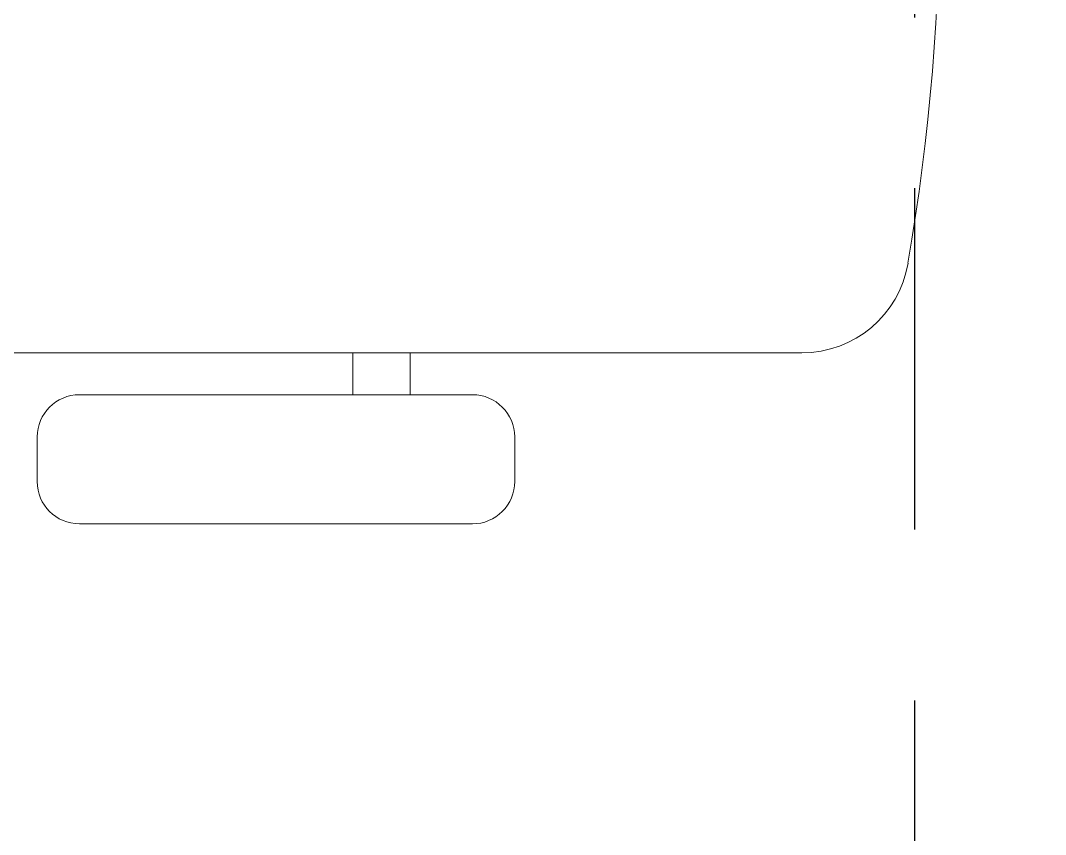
# Model space of a CAD drawing. Header units: inches. Extents: x -12418 to 57169, y -29325 to 19878.
# Drawn here: x 24177.7 to 24653.9, y -12826.2 to -12447.8 of the extents above; entities that cross this region are included whole.
import ezdxf

# ---------------------------------------------------------------- set-up
doc = ezdxf.new("R2010")
doc.units = ezdxf.units.IN
doc.header["$LTSCALE"] = 25
doc.header["$MEASUREMENT"] = 0
doc.linetypes.add('DASHDOT', pattern=[25.4, 12.7, -6.35, 0, -6.35])
doc.linetypes.add('HIDDEN', pattern=[9.525, 6.35, -3.175])
doc.layers.get('0').update_dxf_attribs({"color": 8})
for name, color, linetype, lineweight in [('00-Ground Floor$0$LOADING', 253, 'Continuous', 5), ('00-Ground Floor$0$NEW Wall', 166, 'Continuous', 5), ('E-LITE-CLNG-CNDT', 6, 'DASHDOT', 35), ('E-POWR-FLOR-CNDT', 6, 'HIDDEN', 25)]:
    doc.layers.add(name, color=color, linetype=linetype, lineweight=lineweight)

# ---------------------------------------------------------------- blocks, each defined once
blk = doc.blocks.new('*X127')
at = {"color": 0}
for p, q in [((5, 3), (5, 3)), ((5, 3), (5, 3)), ((5, 3), (5, 3)), ((5, 3), (5, 3)), ((5, 3), (5, 3)), ((5, 3), (5, 3)), ((5, 3), (5, 3)), ((5, 3), (5, 3)), ((5, 3), (5, 3)), ((5, 3), (5, 3)), ((5, 3), (5, 3)), ((5, 3), (5, 3)), ((5, 3), (5, 3)), ((5, 3), (5, 3)), ((5, 3), (5, 3)), ((5, 3), (5, 3)), ((5, 3), (5, 3)), ((5, 3), (5, 3)), ((5, 3), (5, 3)), ((5, 3), (5, 3)), ((5, 3), (5, 3)), ((5, 3), (5, 3)), ((5, 3), (5, 3)), ((5, 3), (5, 3)), ((5, 3), (5, 3)), ((5, 3), (5, 3)), ((5, 3), (5, 3)), ((5, 3), (5, 3)), ((5, 3), (5, 3)), ((5, 3), (5, 3)), ((5, 3), (5, 3)), ((5, 3), (5, 3)), ((5, 3), (5, 3)), ((5, 3), (5, 3)), ((5, 3), (5, 3)), ((5, 3), (5, 3)), ((5, 3), (5, 3)), ((5, 3), (5, 3)), ((5, 3), (5, 3)), ((5, 3), (5, 3)), ((5, 3), (5, 3)), ((5, 3), (5, 3)), ((5, 3), (5, 3)), ((5, 3), (5, 3)), ((5, 3), (5, 3)), ((5, 3), (5, 3)), ((5, 3), (5, 3)), ((5, 3), (5, 3)), ((5, 3), (5, 3)), ((5, 3), (5, 3)), ((5, 3), (5, 3)), ((5, 3), (5, 3)), ((5, 3), (5, 3)), ((5, 3), (5, 3)), ((5, 3), (5, 3)), ((5, 3), (5, 3)), ((5, 3), (5, 3)), ((5, 3), (5, 3)), ((5, 3), (5, 3)), ((5, 3), (5, 3)), ((5, 3), (5, 3)), ((5, 3), (5, 3)), ((5, 3), (5, 3)), ((5, 3), (5, 3)), ((5, 3), (5, 3)), ((5, 3), (5, 3)), ((6, 3), (5, 3)), ((5, 3), (5, 3)), ((6, 3), (5, 3)), ((5, 3), (5, 3)), ((6, 3), (5, 3)), ((5, 3), (5, 3)), ((6, 3), (5, 3)), ((5, 3), (5, 3)), ((5, 3), (5, 3)), ((5, 3), (5, 3)), ((5, 3), (5, 3)), ((5, 3), (5, 3)), ((5, 3), (5, 3)), ((5, 3), (5, 3)), ((5, 3), (5, 3)), ((5, 3), (5, 3)), ((5, 3), (5, 3)), ((5, 3), (5, 3)), ((5, 3), (5, 3)), ((5, 3), (5, 3)), ((5, 3), (5, 3)), ((5, 3), (5, 3)), ((5, 3), (5, 3)), ((5, 3), (5, 3)), ((5, 3), (5, 3)), ((5, 3), (5, 3)), ((5, 3), (5, 3)), ((5, 3), (5, 3)), ((5, 3), (5, 3)), ((5, 3), (5, 3)), ((6, 3), (6, 3)), ((6, 3), (6, 3)), ((6, 3), (6, 3)), ((6, 3), (6, 3)), ((6, 3), (6, 3)), ((6, 3), (6, 3)), ((6, 3), (6, 3)), ((6, 3), (6, 3)), ((6, 3), (6, 3)), ((6, 3), (6, 3)), ((6, 3), (6, 3)), ((6, 3), (6, 3)), ((6, 3), (6, 3)), ((6, 3), (6, 3)), ((6, 3), (6, 3)), ((6, 3), (6, 3)), ((6, 3), (6, 3)), ((6, 3), (6, 3)), ((6, 3), (6, 3)), ((6, 3), (6, 3)), ((6, 3), (6, 3)), ((6, 3), (6, 3)), ((6, 3), (6, 3)), ((6, 3), (6, 3)), ((6, 3), (6, 3)), ((6, 3), (6, 3)), ((6, 3), (6, 3)), ((6, 3), (6, 3)), ((6, 3), (6, 3)), ((6, 3), (6, 3)), ((6, 3), (6, 3)), ((6, 3), (6, 3)), ((6, 3), (6, 3)), ((6, 3), (6, 3)), ((6, 3), (6, 3)), ((6, 3), (6, 3)), ((6, 3), (6, 3)), ((6, 3), (6, 3)), ((6, 3), (6, 3)), ((6, 3), (6, 3)), ((6, 3), (6, 3)), ((6, 3), (6, 3)), ((6, 3), (6, 3)), ((6, 3), (6, 3)), ((6, 3), (6, 3)), ((6, 3), (6, 3)), ((6, 3), (6, 3)), ((6, 3), (6, 3)), ((6, 3), (6, 3)), ((6, 3), (6, 3)), ((6, 3), (6, 3)), ((6, 3), (6, 3)), ((6, 3), (6, 3)), ((6, 3), (6, 3)), ((6, 3), (6, 3)), ((6, 3), (6, 3)), ((6, 3), (6, 3)), ((6, 3), (6, 3)), ((6, 3), (6, 3)), ((6, 3), (6, 3)), ((6, 3), (6, 3)), ((6, 3), (6, 3)), ((6, 3), (6, 3)), ((6, 3), (6, 3)), ((6, 3), (6, 3)), ((6, 3), (6, 3)), ((6, 3), (6, 3)), ((6, 3), (6, 3)), ((6, 3), (6, 3)), ((6, 3), (6, 3)), ((6, 3), (6, 3)), ((6, 3), (6, 3)), ((6, 3), (6, 3)), ((6, 3), (6, 3)), ((6, 3), (6, 3)), ((6, 3), (6, 3)), ((6, 3), (6, 3)), ((6, 3), (6, 3)), ((6, 3), (6, 3)), ((6, 3), (6, 3)), ((6, 3), (6, 3)), ((6, 3), (6, 3)), ((6, 3), (6, 3)), ((6, 3), (6, 3)), ((6, 3), (6, 3)), ((6, 3), (6, 3)), ((6, 3), (6, 3)), ((6, 3), (6, 3)), ((6, 3), (6, 3)), ((6, 3), (6, 3)), ((6, 3), (6, 3)), ((6, 3), (6, 3)), ((6, 3), (6, 3)), ((6, 3), (6, 3)), ((6, 3), (6, 3)), ((6, 3), (6, 3)), ((6, 3), (6, 3)), ((6, 3), (6, 3)), ((6, 3), (6, 3)), ((6, 3), (6, 3)), ((6, 3), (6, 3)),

- [Task]
Without the pictures, please output every record exactly.

- [Written response]
# Model space of a CAD drawing. Header units: inches. Extents: x -12418 to 57169, y -29325 to 19878.
# Drawn here: x 24177.7 to 24653.9, y -12826.2 to -12447.8 of the extents above; entities that cross this region are included whole.
import ezdxf

# ---------------------------------------------------------------- set-up
doc = ezdxf.new("R2010")
doc.units = ezdxf.units.IN
doc.header["$LTSCALE"] = 25
doc.header["$MEASUREMENT"] = 0
doc.linetypes.add('DASHDOT', pattern=[25.4, 12.7, -6.35, 0, -6.35])
doc.linetypes.add('HIDDEN', pattern=[9.525, 6.35, -3.175])
doc.layers.get('0').update_dxf_attribs({"color": 8})
for name, color, linetype, lineweight in [('00-Ground Floor$0$LOADING', 253, 'Continuous', 5), ('00-Ground Floor$0$NEW Wall', 166, 'Continuous', 5), ('E-LITE-CLNG-CNDT', 6, 'DASHDOT', 35), ('E-POWR-FLOR-CNDT', 6, 'HIDDEN', 25)]:
    doc.layers.add(name, color=color, linetype=linetype, lineweight=lineweight)

# ---------------------------------------------------------------- blocks, each defined once
blk = doc.blocks.new('*X127')
at = {"color": 0}
for p, q in [((5, 3), (5, 3)), ((5, 3), (5, 3)), ((5, 3), (5, 3)), ((5, 3), (5, 3)), ((5, 3), (5, 3)), ((5, 3), (5, 3)), ((5, 3), (5, 3)), ((5, 3), (5, 3)), ((5, 3), (5, 3)), ((5, 3), (5, 3)), ((5, 3), (5, 3)), ((5, 3), (5, 3)), ((5, 3), (5, 3)), ((5, 3), (5, 3)), ((5, 3), (5, 3)), ((5, 3), (5, 3)), ((5, 3), (5, 3)), ((5, 3), (5, 3)), ((5, 3), (5, 3)), ((5, 3), (5, 3)), ((5, 3), (5, 3)), ((5, 3), (5, 3)), ((5, 3), (5, 3)), ((5, 3), (5, 3)), ((5, 3), (5, 3)), ((5, 3), (5, 3)), ((5, 3), (5, 3)), ((5, 3), (5, 3)), ((5, 3), (5, 3)), ((5, 3), (5, 3)), ((5, 3), (5, 3)), ((5, 3), (5, 3)), ((5, 3), (5, 3)), ((5, 3), (5, 3)), ((5, 3), (5, 3)), ((5, 3), (5, 3)), ((5, 3), (5, 3)), ((5, 3), (5, 3)), ((5, 3), (5, 3)), ((5, 3), (5, 3)), ((5, 3), (5, 3)), ((5, 3), (5, 3)), ((5, 3), (5, 3)), ((5, 3), (5, 3)), ((5, 3), (5, 3)), ((5, 3), (5, 3)), ((5, 3), (5, 3)), ((5, 3), (5, 3)), ((5, 3), (5, 3)), ((5, 3), (5, 3)), ((5, 3), (5, 3)), ((5, 3), (5, 3)), ((5, 3), (5, 3)), ((5, 3), (5, 3)), ((5, 3), (5, 3)), ((5, 3), (5, 3)), ((5, 3), (5, 3)), ((5, 3), (5, 3)), ((5, 3), (5, 3)), ((5, 3), (5, 3)), ((5, 3), (5, 3)), ((5, 3), (5, 3)), ((5, 3), (5, 3)), ((5, 3), (5, 3)), ((5, 3), (5, 3)), ((5, 3), (5, 3)), ((6, 3), (5, 3)), ((5, 3), (5, 3)), ((6, 3), (5, 3)), ((5, 3), (5, 3)), ((6, 3), (5, 3)), ((5, 3), (5, 3)), ((6, 3), (5, 3)), ((5, 3), (5, 3)), ((5, 3), (5, 3)), ((5, 3), (5, 3)), ((5, 3), (5, 3)), ((5, 3), (5, 3)), ((5, 3), (5, 3)), ((5, 3), (5, 3)), ((5, 3), (5, 3)), ((5, 3), (5, 3)), ((5, 3), (5, 3)), ((5, 3), (5, 3)), ((5, 3), (5, 3)), ((5, 3), (5, 3)), ((5, 3), (5, 3)), ((5, 3), (5, 3)), ((5, 3), (5, 3)), ((5, 3), (5, 3)), ((5, 3), (5, 3)), ((5, 3), (5, 3)), ((5, 3), (5, 3)), ((5, 3), (5, 3)), ((5, 3), (5, 3)), ((5, 3), (5, 3)), ((6, 3), (6, 3)), ((6, 3), (6, 3)), ((6, 3), (6, 3)), ((6, 3), (6, 3)), ((6, 3), (6, 3)), ((6, 3), (6, 3)), ((6, 3), (6, 3)), ((6, 3), (6, 3)), ((6, 3), (6, 3)), ((6, 3), (6, 3)), ((6, 3), (6, 3)), ((6, 3), (6, 3)), ((6, 3), (6, 3)), ((6, 3), (6, 3)), ((6, 3), (6, 3)), ((6, 3), (6, 3)), ((6, 3), (6, 3)), ((6, 3), (6, 3)), ((6, 3), (6, 3)), ((6, 3), (6, 3)), ((6, 3), (6, 3)), ((6, 3), (6, 3)), ((6, 3), (6, 3)), ((6, 3), (6, 3)), ((6, 3), (6, 3)), ((6, 3), (6, 3)), ((6, 3), (6, 3)), ((6, 3), (6, 3)), ((6, 3), (6, 3)), ((6, 3), (6, 3)), ((6, 3), (6, 3)), ((6, 3), (6, 3)), ((6, 3), (6, 3)), ((6, 3), (6, 3)), ((6, 3), (6, 3)), ((6, 3), (6, 3)), ((6, 3), (6, 3)), ((6, 3), (6, 3)), ((6, 3), (6, 3)), ((6, 3), (6, 3)), ((6, 3), (6, 3)), ((6, 3), (6, 3)), ((6, 3), (6, 3)), ((6, 3), (6, 3)), ((6, 3), (6, 3)), ((6, 3), (6, 3)), ((6, 3), (6, 3)), ((6, 3), (6, 3)), ((6, 3), (6, 3)), ((6, 3), (6, 3)), ((6, 3), (6, 3)), ((6, 3), (6, 3)), ((6, 3), (6, 3)), ((6, 3), (6, 3)), ((6, 3), (6, 3)), ((6, 3), (6, 3)), ((6, 3), (6, 3)), ((6, 3), (6, 3)), ((6, 3), (6, 3)), ((6, 3), (6, 3)), ((6, 3), (6, 3)), ((6, 3), (6, 3)), ((6, 3), (6, 3)), ((6, 3), (6, 3)), ((6, 3), (6, 3)), ((6, 3), (6, 3)), ((6, 3), (6, 3)), ((6, 3), (6, 3)), ((6, 3), (6, 3)), ((6, 3), (6, 3)), ((6, 3), (6, 3)), ((6, 3), (6, 3)), ((6, 3), (6, 3)), ((6, 3), (6, 3)), ((6, 3), (6, 3)), ((6, 3), (6, 3)), ((6, 3), (6, 3)), ((6, 3), (6, 3)), ((6, 3), (6, 3)), ((6, 3), (6, 3)), ((6, 3), (6, 3)), ((6, 3), (6, 3)), ((6, 3), (6, 3)), ((6, 3), (6, 3)), ((6, 3), (6, 3)), ((6, 3), (6, 3)), ((6, 3), (6, 3)), ((6, 3), (6, 3)), ((6, 3), (6, 3)), ((6, 3), (6, 3)), ((6, 3), (6, 3)), ((6, 3), (6, 3)), ((6, 3), (6, 3)), ((6, 3), (6, 3)), ((6, 3), (6, 3)), ((6, 3), (6, 3)), ((6, 3), (6, 3)), ((6, 3), (6, 3)), ((6, 3), (6, 3)), ((6, 3), (6, 3)), ((6, 3), (6, 3)),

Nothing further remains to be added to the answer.